Anyway, I figure that I can start putting together the snakemake pipelines for our most common use cases, i.e. SILVA, UNITE, GTDB, etc... then progress into the more complicated pipelines that leverage pulling from GenBank, extract-seq-segments, etc...

Should I start a separate github repo for these, for now? Or do you have a place in mind? Or I can start a DropBox to share too...

lina-kim · February 22, 2024, 8:38pm

What a great plan, thanks @SoilRotifer for getting started! Yes, it would play so nicely with the Nextflow workflow @cmatzoros and I have been building.

Separate GitHub repo is a good start, we currently have our own (hopefully modular) structure in place.

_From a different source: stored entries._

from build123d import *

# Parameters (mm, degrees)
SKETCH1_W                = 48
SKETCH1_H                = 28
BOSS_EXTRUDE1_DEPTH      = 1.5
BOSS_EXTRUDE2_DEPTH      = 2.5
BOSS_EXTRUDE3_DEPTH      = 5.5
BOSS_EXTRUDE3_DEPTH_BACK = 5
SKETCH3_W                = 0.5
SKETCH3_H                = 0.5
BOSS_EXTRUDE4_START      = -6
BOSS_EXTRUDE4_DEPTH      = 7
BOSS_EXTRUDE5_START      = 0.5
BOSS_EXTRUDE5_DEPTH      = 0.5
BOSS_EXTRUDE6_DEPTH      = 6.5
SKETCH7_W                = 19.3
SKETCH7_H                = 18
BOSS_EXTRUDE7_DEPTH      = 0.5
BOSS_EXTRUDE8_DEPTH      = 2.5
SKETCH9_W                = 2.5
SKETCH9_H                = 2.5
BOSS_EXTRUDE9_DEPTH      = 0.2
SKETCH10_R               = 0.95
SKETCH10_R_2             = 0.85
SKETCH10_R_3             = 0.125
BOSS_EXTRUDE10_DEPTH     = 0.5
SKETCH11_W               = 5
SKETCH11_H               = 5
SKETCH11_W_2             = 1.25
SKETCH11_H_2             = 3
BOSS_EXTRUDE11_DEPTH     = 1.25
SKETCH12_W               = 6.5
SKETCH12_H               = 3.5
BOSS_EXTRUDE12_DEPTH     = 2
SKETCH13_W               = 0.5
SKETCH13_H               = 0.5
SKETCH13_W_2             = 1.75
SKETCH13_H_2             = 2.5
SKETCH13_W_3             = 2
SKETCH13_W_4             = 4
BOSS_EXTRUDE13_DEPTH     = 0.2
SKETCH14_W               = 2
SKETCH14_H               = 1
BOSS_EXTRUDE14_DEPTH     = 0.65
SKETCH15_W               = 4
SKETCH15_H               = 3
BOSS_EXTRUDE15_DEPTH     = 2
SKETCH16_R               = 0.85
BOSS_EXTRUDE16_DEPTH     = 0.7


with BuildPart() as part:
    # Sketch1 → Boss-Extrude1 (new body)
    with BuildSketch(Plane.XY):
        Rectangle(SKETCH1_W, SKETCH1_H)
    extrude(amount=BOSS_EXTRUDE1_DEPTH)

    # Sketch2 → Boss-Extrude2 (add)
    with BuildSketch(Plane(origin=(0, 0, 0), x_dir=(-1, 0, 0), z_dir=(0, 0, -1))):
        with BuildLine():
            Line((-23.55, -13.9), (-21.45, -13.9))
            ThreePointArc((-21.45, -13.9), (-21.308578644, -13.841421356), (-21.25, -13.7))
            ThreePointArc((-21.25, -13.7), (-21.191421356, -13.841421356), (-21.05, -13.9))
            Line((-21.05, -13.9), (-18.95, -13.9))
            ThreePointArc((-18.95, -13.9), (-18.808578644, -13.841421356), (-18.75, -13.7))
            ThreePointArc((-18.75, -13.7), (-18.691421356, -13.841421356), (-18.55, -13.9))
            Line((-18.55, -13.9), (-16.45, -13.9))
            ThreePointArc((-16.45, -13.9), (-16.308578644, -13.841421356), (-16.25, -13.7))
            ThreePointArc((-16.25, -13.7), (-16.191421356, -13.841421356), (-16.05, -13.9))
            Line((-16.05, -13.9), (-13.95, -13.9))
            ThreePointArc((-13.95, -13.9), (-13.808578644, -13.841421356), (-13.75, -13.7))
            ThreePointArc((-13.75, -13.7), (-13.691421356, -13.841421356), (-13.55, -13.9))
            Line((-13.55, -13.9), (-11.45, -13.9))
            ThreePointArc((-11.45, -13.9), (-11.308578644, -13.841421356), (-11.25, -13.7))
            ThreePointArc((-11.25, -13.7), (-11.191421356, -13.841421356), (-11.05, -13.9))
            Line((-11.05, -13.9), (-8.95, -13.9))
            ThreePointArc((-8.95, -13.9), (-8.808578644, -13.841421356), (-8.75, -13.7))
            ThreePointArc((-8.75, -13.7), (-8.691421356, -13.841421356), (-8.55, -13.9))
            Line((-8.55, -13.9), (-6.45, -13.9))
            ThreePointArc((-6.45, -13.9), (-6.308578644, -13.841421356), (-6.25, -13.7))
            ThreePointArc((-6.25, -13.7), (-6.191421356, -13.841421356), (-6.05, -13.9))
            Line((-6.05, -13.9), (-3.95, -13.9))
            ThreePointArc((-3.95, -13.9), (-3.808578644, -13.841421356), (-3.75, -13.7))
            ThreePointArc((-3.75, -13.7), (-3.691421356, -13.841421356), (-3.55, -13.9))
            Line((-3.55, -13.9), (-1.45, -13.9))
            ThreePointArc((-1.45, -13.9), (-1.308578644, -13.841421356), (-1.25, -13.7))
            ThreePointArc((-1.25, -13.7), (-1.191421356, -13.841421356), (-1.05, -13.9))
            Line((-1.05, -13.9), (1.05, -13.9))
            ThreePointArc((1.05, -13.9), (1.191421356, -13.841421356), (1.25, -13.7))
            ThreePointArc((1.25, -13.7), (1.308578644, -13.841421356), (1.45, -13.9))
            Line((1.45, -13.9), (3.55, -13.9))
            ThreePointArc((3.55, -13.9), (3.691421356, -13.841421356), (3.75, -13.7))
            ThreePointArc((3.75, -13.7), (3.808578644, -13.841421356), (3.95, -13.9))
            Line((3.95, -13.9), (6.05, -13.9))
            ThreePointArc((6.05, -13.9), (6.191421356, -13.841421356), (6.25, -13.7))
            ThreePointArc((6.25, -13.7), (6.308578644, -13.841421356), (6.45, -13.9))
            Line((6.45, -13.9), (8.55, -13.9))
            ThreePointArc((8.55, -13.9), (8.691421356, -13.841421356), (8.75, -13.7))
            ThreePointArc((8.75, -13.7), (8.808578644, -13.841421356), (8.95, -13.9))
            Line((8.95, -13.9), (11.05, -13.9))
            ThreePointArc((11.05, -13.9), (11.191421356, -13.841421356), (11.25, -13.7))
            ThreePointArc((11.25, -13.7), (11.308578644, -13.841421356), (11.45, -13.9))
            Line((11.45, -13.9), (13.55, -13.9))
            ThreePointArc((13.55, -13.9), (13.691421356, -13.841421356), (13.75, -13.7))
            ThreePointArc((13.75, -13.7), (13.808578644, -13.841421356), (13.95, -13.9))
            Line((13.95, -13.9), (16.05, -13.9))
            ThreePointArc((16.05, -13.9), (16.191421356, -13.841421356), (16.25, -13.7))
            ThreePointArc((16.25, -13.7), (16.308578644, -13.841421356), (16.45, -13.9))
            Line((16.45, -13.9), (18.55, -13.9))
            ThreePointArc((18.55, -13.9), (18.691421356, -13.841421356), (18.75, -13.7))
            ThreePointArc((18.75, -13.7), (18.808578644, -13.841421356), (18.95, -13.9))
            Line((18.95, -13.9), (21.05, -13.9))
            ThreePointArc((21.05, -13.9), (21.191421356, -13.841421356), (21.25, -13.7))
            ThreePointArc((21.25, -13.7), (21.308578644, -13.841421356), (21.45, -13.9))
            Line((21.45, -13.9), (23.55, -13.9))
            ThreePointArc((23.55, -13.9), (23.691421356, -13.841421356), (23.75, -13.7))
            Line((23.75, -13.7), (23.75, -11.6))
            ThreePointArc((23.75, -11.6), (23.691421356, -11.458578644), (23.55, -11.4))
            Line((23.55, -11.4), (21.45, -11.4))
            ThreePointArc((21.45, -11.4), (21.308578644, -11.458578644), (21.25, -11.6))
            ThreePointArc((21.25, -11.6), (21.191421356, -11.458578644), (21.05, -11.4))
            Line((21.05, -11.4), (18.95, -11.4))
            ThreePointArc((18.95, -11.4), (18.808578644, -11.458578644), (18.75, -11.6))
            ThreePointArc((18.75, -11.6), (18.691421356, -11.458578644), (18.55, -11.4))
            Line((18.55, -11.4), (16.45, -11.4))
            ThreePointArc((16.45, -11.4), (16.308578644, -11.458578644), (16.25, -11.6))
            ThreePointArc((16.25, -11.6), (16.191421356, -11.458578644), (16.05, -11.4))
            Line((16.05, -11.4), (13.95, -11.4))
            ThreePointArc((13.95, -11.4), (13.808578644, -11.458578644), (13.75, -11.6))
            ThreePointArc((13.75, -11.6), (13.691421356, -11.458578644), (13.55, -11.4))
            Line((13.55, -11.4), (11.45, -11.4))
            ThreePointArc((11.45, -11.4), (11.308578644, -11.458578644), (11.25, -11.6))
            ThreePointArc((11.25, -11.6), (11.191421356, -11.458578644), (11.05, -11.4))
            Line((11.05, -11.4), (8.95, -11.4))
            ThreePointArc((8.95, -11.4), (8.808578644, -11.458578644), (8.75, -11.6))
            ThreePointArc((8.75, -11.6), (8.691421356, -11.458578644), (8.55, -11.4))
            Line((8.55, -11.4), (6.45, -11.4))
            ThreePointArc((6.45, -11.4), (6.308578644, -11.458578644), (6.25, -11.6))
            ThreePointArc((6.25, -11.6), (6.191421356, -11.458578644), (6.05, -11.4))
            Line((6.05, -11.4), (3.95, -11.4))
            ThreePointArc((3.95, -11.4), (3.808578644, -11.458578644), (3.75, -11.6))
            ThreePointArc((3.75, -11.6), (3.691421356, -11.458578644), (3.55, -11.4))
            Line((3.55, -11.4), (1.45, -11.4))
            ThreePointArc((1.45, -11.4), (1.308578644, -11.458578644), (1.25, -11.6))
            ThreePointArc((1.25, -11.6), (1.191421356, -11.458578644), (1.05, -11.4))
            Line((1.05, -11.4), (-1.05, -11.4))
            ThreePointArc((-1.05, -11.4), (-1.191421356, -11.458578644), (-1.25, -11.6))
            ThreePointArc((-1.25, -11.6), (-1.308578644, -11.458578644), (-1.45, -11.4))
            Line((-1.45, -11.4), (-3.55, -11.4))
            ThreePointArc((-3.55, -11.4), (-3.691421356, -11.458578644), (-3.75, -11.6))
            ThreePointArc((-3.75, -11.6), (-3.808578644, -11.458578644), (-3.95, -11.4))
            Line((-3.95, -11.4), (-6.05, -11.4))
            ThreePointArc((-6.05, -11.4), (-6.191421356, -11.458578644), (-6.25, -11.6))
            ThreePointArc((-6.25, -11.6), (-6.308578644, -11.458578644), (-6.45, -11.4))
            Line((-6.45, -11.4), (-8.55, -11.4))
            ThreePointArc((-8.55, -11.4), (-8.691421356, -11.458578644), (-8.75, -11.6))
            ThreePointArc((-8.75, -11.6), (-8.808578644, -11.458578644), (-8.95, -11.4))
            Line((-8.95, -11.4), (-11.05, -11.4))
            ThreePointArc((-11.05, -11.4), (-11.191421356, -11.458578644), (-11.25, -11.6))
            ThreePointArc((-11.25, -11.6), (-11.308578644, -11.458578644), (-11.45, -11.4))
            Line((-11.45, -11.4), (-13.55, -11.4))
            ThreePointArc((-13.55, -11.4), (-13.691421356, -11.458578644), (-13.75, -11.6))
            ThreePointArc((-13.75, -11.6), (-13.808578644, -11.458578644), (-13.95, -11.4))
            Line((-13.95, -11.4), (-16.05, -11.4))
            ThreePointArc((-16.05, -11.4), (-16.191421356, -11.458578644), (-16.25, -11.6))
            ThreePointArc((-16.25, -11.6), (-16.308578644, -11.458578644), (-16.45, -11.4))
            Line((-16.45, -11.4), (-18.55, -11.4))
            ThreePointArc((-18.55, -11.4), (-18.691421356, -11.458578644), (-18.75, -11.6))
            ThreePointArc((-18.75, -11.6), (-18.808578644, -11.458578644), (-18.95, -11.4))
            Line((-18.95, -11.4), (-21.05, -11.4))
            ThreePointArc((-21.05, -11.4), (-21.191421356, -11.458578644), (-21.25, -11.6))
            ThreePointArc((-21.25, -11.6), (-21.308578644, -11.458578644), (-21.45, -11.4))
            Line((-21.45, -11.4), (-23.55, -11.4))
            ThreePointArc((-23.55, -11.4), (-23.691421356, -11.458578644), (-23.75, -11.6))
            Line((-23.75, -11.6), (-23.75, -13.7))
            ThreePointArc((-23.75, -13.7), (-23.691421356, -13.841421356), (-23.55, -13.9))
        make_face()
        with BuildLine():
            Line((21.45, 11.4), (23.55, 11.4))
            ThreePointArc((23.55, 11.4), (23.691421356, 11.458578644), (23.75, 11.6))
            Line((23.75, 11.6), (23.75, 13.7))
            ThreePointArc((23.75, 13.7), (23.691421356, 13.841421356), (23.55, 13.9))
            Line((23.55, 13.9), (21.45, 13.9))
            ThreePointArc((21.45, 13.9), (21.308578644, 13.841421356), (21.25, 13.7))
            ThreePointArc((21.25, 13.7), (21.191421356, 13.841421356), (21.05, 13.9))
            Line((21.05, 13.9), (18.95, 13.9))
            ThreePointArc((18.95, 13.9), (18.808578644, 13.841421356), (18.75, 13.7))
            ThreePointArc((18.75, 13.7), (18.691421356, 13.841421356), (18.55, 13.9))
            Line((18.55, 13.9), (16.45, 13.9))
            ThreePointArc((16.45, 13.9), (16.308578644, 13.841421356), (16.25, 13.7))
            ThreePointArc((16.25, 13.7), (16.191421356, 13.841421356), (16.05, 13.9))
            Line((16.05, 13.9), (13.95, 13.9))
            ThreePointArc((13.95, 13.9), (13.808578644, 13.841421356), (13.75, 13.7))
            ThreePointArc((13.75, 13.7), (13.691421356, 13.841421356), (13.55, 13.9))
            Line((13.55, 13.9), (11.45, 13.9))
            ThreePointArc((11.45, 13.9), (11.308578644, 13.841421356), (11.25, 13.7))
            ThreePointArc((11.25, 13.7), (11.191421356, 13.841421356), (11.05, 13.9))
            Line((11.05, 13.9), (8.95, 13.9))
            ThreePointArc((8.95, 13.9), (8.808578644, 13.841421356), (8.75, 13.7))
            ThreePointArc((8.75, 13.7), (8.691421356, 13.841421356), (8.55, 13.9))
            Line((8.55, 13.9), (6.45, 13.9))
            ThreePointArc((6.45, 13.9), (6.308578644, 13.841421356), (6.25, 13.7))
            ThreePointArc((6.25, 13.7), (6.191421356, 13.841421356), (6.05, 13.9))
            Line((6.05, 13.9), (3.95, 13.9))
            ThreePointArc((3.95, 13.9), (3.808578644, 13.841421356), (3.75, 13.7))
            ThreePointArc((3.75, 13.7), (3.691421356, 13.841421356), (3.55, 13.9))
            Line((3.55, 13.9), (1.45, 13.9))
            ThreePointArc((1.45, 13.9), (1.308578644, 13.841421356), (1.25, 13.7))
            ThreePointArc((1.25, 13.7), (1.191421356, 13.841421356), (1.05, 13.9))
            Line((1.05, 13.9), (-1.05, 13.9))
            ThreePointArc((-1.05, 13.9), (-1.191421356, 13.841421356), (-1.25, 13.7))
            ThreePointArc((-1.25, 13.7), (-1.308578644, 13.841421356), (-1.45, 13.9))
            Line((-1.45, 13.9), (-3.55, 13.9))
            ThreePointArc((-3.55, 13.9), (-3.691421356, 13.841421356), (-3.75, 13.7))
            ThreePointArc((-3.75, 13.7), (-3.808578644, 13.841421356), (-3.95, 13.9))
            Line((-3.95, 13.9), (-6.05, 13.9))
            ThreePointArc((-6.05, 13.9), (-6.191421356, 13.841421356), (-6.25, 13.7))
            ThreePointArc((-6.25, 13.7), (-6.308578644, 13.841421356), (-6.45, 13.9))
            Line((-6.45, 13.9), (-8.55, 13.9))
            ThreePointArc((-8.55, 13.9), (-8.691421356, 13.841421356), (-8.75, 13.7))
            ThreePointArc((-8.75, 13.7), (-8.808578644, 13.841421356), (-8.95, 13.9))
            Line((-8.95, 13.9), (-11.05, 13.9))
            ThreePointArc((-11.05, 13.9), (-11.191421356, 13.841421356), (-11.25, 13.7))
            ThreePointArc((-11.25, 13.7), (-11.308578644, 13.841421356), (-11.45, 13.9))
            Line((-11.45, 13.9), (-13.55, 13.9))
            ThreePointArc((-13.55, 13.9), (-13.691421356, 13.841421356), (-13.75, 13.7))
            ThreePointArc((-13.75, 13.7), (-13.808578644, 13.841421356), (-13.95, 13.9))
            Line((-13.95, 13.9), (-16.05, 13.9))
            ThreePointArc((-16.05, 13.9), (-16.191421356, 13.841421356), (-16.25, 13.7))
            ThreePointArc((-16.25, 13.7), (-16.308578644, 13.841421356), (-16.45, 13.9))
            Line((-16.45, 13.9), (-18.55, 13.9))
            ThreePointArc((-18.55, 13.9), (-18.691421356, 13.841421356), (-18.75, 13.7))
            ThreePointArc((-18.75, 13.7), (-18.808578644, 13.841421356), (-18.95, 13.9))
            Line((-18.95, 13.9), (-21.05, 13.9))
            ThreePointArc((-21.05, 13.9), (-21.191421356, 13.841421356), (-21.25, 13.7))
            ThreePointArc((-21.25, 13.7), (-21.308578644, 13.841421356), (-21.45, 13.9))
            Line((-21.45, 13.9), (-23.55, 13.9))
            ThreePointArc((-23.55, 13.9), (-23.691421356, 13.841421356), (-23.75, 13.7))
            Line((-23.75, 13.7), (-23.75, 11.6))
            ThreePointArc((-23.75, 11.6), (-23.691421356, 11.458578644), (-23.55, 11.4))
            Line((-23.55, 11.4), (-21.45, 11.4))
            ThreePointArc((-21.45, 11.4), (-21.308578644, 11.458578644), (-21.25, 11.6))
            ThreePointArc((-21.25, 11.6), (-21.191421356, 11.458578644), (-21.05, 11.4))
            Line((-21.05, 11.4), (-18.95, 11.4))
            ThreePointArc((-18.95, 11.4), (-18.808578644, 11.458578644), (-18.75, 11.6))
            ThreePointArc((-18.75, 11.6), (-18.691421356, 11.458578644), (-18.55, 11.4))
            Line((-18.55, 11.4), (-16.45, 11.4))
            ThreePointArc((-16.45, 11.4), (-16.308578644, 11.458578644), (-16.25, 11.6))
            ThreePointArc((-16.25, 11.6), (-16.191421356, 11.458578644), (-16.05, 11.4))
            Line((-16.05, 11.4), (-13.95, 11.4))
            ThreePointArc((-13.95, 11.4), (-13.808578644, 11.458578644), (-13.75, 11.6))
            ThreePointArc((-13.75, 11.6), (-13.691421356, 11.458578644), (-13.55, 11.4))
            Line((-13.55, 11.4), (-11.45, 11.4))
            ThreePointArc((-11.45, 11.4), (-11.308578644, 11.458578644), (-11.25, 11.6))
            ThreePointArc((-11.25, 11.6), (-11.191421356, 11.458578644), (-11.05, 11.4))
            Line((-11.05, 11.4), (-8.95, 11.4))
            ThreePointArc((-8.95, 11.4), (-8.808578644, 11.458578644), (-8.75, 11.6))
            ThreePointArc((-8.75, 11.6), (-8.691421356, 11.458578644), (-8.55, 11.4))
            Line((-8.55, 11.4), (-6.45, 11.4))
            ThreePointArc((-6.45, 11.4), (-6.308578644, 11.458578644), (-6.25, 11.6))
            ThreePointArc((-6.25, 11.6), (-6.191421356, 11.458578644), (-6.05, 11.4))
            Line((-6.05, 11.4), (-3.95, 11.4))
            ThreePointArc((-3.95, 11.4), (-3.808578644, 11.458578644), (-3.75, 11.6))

I'll follow up with more details via DM.

colinbrislawn · February 23, 2024, 1:52pm

Good morning!

I've been working on one of these too!

On what hardware do you run these? I've used both institutional HPC and cloud-native options.

Where do you distribute results? I've been using GitHub releases, though I would prefer an official Q2 location like Data resources — QIIME 2 2024.2.0 documentation

Viewing this as a CI/CD platform, I'm interested in the package manager part, which I don't think we have yet...

SoilRotifer · February 23, 2024, 3:34pm

That is cool @colinbrislawn!

I might be sending a bunch of snakemake questions your way. Although I have a few of these pipelines producing output, they could certainly be cleaned up a bit and be more generalizable. Thinking about how to structure filenames and wildcards is surely a mental exercise!

Mike_Stevenson · July 25, 2024, 6:14pm

Hi @SoilRotifer

Snakemake sounds intriguing. I have been putting together a workflow for some data and I have ended up with a bash script which encompasses every step after QC (which is done separately).

What are the advantages of using Snakemake vs compiling your own script?

Thanks.

SoilRotifer · July 25, 2024, 6:20pm

Hi @Mike_Stevenson, I've abandoned snakemake and am now using NextFlow. I have a private github repo that works to construct RDP, GTDB, and SILVA classifiers for the full length and several amplicon regions. It works, I just need to better organize the outputs. I'll be adding UNITE soon.

These workflows automate handling many steps for you with minimal code. Also, is quite reproducible with conda environments, job sumissions (i.e. slurm, etc...), I hope to implement these at some point.